SQLExecuteQueryOperator for Snowflake¶
Use the SQLExecuteQueryOperator to execute
SQL commands in a Snowflake database.
Using the Operator¶
Use the conn_id argument to connect to your Snowflake instance where
the connection metadata is structured as follows:
Parameter |
Input |
|---|---|
Login: string |
Snowflake user name |
Password: string |
Password for Snowflake user |
Schema: string |
Set schema to execute SQL operations on by default |
Extra: dictionary |
|
An example usage of the SQLExecuteQueryOperator to connect to Snowflake is as follows:
snowflake_op_sql_str = SQLExecuteQueryOperator(
task_id="snowflake_op_sql_str", sql=CREATE_TABLE_SQL_STRING
)
snowflake_op_with_params = SQLExecuteQueryOperator(
task_id="snowflake_op_with_params",
sql=SQL_INSERT_STATEMENT,
parameters={"id": 56},
)
snowflake_op_sql_list = SQLExecuteQueryOperator(task_id="snowflake_op_sql_list", sql=SQL_LIST)

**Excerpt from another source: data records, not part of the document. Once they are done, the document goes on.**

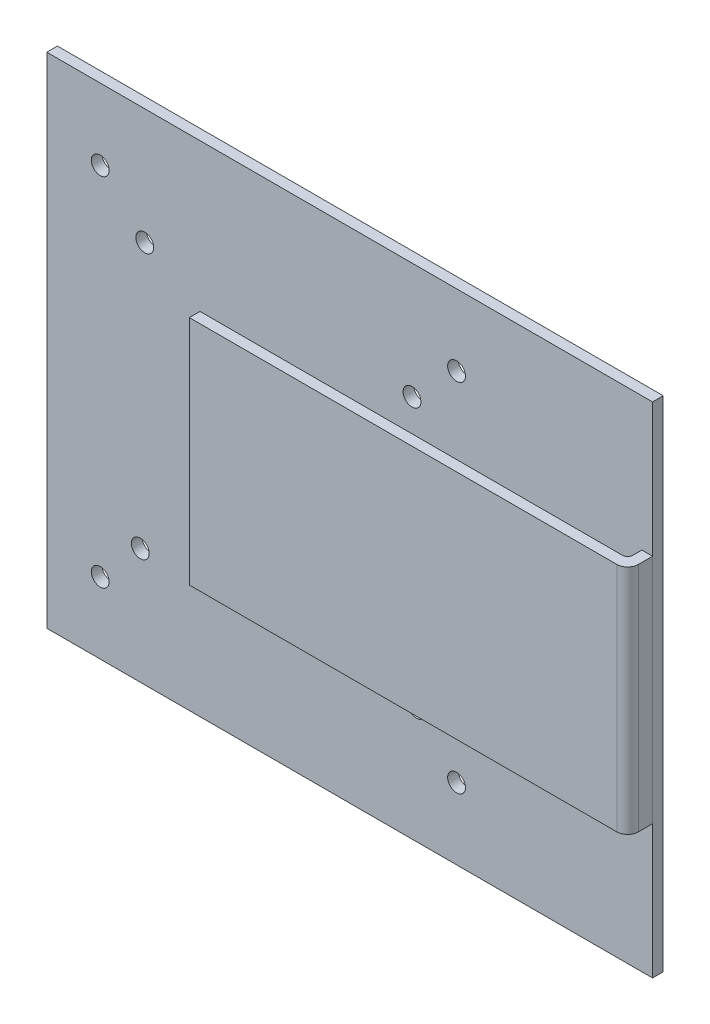
from build123d import *

# Parameters (mm, degrees)
SKETCH1_W            = 150
SKETCH1_H            = 150
BASE_FLANGE1_DEPTH   = 3
SKETCH23_W           = 150
SKETCH23_H           = 150
SKETCH23_W_2         = 140
SKETCH23_H_2         = 140
BOSS_EXTRUDE3_DEPTH  = 20
SKETCH27_W           = 7
SKETCH27_H           = 150
BOSS_EXTRUDE4_DEPTH  = 20
SKETCH31_R           = 2.5
CUT_EXTRUDE1_DEPTH   = 20
SKETCH33_W           = 170
SKETCH33_H           = 150
CUT_EXTRUDE3_DEPTH   = 20
SKETCH34_W           = 150
SKETCH34_H           = 150
SKETCH34_W_2         = 130
SKETCH34_H_2         = 130
CUT_EXTRUDE4_DEPTH   = 20
SKETCH39_W           = 40
SKETCH39_H           = 130
BOSS_EXTRUDE11_DEPTH = 3
BOSS_EXTRUDE14_DEPTH = 3
SKETCH47_W           = 3
SKETCH47_H           = 65
BOSS_EXTRUDE15_DEPTH = 120
FILLET3_R            = 1.5
FILLET4_R            = 3
SKETCH48_W           = 170
SKETCH48_H           = 3
BOSS_EXTRUDE16_DEPTH = 5
SKETCH49_W           = 170
SKETCH49_H           = 3
BOSS_EXTRUDE17_DEPTH = 5


# Sheet-metal steps are written as plain solids
with BuildPart() as part:
    # Sketch1 → Base-Flange1 (new body)
    with BuildSketch(Plane.XY):
        Rectangle(SKETCH1_W, SKETCH1_H)
    extrude(amount=-BASE_FLANGE1_DEPTH)

    # Sketch23 → Boss-Extrude3 (add)
    with BuildSketch(Plane(origin=(0, 0, -3), x_dir=(-1, 0, 0), z_dir=(0, 0, -1))):
        Rectangle(SKETCH23_W, SKETCH23_H)
        Rectangle(SKETCH23_W_2, SKETCH23_H_2, mode=Mode.SUBTRACT)
    extrude(amount=BOSS_EXTRUDE3_DEPTH)

    # Sketch27 → Boss-Extrude4 (add)
    with BuildSketch(Plane(origin=(75, 0, 0), x_dir=(0, 0, -1), z_dir=(1, 0, 0))):
        with Locations((19.5, 0)):
            Rectangle(SKETCH27_W, SKETCH27_H)
    extrude(amount=BOSS_EXTRUDE4_DEPTH)

    # Sketch31 → Cut-Extrude1 (cut)
    with BuildSketch(Plane.XY):
        with Locations((-50, -50)):
            Circle(SKETCH31_R)
        with Locations((-50, 50)):
            Circle(SKETCH31_R)
        with Locations((50, 50)):
            Circle(SKETCH31_R)
        with Locations((50, -50)):
            Circle(SKETCH31_R)
        with Locations((37.5, 37.5)):
            Circle(SKETCH31_R)
        with Locations((-37.5, 37.5)):
            Circle(SKETCH31_R)
        with Locations((38.751749061, -37.489553434)):
            Circle(SKETCH31_R)
        with Locations((-38.751749061, -37.489553434)):
            Circle(SKETCH31_R)
    extrude(amount=-CUT_EXTRUDE1_DEPTH, mode=Mode.SUBTRACT)

    # Sketch33 → Cut-Extrude3 (cut)
    with BuildSketch(Plane(origin=(0, 0, -23), x_dir=(-1, 0, 0), z_dir=(0, 0, -1))):
        with Locations((-10, 0)):
            Rectangle(SKETCH33_W, SKETCH33_H)
    extrude(amount=-CUT_EXTRUDE3_DEPTH, mode=Mode.SUBTRACT)

    # Sketch34 → Cut-Extrude4 (cut)
    with BuildSketch(Plane.XY):
        Rectangle(SKETCH34_W, SKETCH34_H)
        Rectangle(SKETCH34_W_2, SKETCH34_H_2, mode=Mode.SUBTRACT)
    extrude(amount=-CUT_EXTRUDE4_DEPTH, mode=Mode.SUBTRACT)

    # Sketch39 → Boss-Extrude11 (add)
    with BuildSketch(Plane.XY):
        with Locations((85, 0)):
            Rectangle(SKETCH39_W, SKETCH39_H)
    extrude(amount=-BOSS_EXTRUDE11_DEPTH)

    # Sketch48 → Boss-Extrude16 (add)
    with BuildSketch(Plane(origin=(0, -65, 0), x_dir=(-1, 0, 0), z_dir=(0, -1, 0))):
        with Locations((-20, 1.5)):
            Rectangle(SKETCH48_W, SKETCH48_H)
    extrude(amount=BOSS_EXTRUDE16_DEPTH)

    # Sketch49 → Boss-Extrude17 (add)
    with BuildSketch(Plane(origin=(0, 65, 0), x_dir=(1, 0, 0), z_dir=(0, 1, 0))):
        with Locations((20, 1.5)):
            Rectangle(SKETCH49_W, SKETCH49_H)
    extrude(amount=BOSS_EXTRUDE17_DEPTH)


with BuildPart() as body_2:
    # Sketch46 → Boss-Extrude14 (new body)
    with BuildSketch(Plane(origin=(105, 0, 0), x_dir=(0, 0, -1), z_dir=(1, 0, 0))):
        Polygon((0, 0), (0, 32.5), (-7, 32.5), (-7, -32.5), (0, -32.5), align=None)
    extrude(amount=-BOSS_EXTRUDE14_DEPTH)

    # Sketch47 → Boss-Extrude15 (add)
    with BuildSketch(Plane.ZY.offset(-102)):
        with Locations((5.5, 0)):
            Rectangle(SKETCH47_W, SKETCH47_H)
    extrude(amount=BOSS_EXTRUDE15_DEPTH)

    # Fillet3
    fillet3_edges = [body_2.edges().sort_by_distance(p)[0] for p in [
        (102, 0, 4),
    ]]
    fillet(fillet3_edges, radius=FILLET3_R)

    # Fillet4
    fillet4_edges = [body_2.edges().sort_by_distance(p)[0] for p in [
        (105, 0, 7),
    ]]
    fillet(fillet4_edges, radius=FILLET4_R)


solid = Compound([part.part, body_2.part])

snowflake_op_sql_multiple_stmts = SQLExecuteQueryOperator(
task_id="snowflake_op_sql_multiple_stmts",
sql=SQL_MULTIPLE_STMTS,
split_statements=True,
)
snowflake_op_template_file = SQLExecuteQueryOperator(
task_id="snowflake_op_template_file",
sql="example_snowflake_snowflake_op_template_file.sql",
)
# Create and populate a small dataset for the data quality operator examples.
# We insert one row for `ds` and one for `ds - 1`, each with value = 4.
create_check_table = SQLExecuteQueryOperator(
task_id="create_check_table",
sql=CREATE_CHECK_TABLE_SQL_STRING,
)
populate_check_table = SQLExecuteQueryOperator(
task_id="populate_check_table",
sql=SQL_CHECK_TABLE_INSERT,
)
Note
Parameters that can be passed onto the operator will be given priority over the parameters already given
in the Airflow connection metadata (such as schema, role, database and so forth).
SnowflakeCheckOperator¶
To perform checks against Snowflake you can use
SnowflakeCheckOperator
This operator expects a SQL query that will return a single row. Each value on
that first row is evaluated using Python bool casting. If any of the values
return False the check fails and errors out.
snowflake_check = SnowflakeCheckOperator(
task_id="snowflake_check",
sql=f"SELECT COUNT(*) FROM {SNOWFLAKE_CHECK_TABLE} WHERE ds = TO_DATE('{{{{ ds }}}}')",
)
SnowflakeValueCheckOperator¶
To perform a simple value check using SQL code you can use
SnowflakeValueCheckOperator
This operator expects a SQL query that will return a single row. That value is
evaluated against pass_value, which can be either a string or numeric value.
If numeric, you can also specify tolerance.
snowflake_value_check = SnowflakeValueCheckOperator(
task_id="snowflake_value_check",
sql=f"SELECT SUM(value) FROM {SNOWFLAKE_CHECK_TABLE} WHERE ds = TO_DATE('{{{{ ds }}}}')",
pass_value=4,
)
SnowflakeIntervalCheckOperator¶
To check that the values of metrics given as SQL expressions are within a certain
tolerance of the ones from days_back before you can use
SnowflakeIntervalCheckOperator
snowflake_interval_check = SnowflakeIntervalCheckOperator(
task_id="snowflake_interval_check",
table=SNOWFLAKE_CHECK_TABLE,
metrics_thresholds={"COUNT(*)": 1.5},
days_back=1,
)
SnowflakeSqlApiOperator¶
Use the SnowflakeSqlApiHook to execute
SQL commands in a Snowflake database.
You can also run this operator in deferrable mode by setting deferrable param to True.
This will ensure that the task is deferred from the Airflow worker slot and polling for the task status happens on the trigger.
Using the Operator¶
Use the snowflake_conn_id argument to connect to your Snowflake instance where
the connection metadata is structured as follows:
Parameter |
Input |
|---|---|
Login: string |
Snowflake user name. If using OAuth connection this is the |
Password: string |
Password for Snowflake user. If using OAuth this is the |
Schema: string |
Set schema to execute SQL operations on by default |
Extra: dictionary |
|
An example usage of the SnowflakeSqlApiHook is as follows:
snowflake_sql_api_op_sql_multiple_stmt = SnowflakeSqlApiOperator(
task_id="snowflake_op_sql_multiple_stmt",
sql=SQL_MULTIPLE_STMTS,
statement_count=len(SQL_LIST),
)
Note
Parameters that can be passed onto the operator will be given priority over the parameters already given
in the Airflow connection metadata (such as schema, role, database and so forth).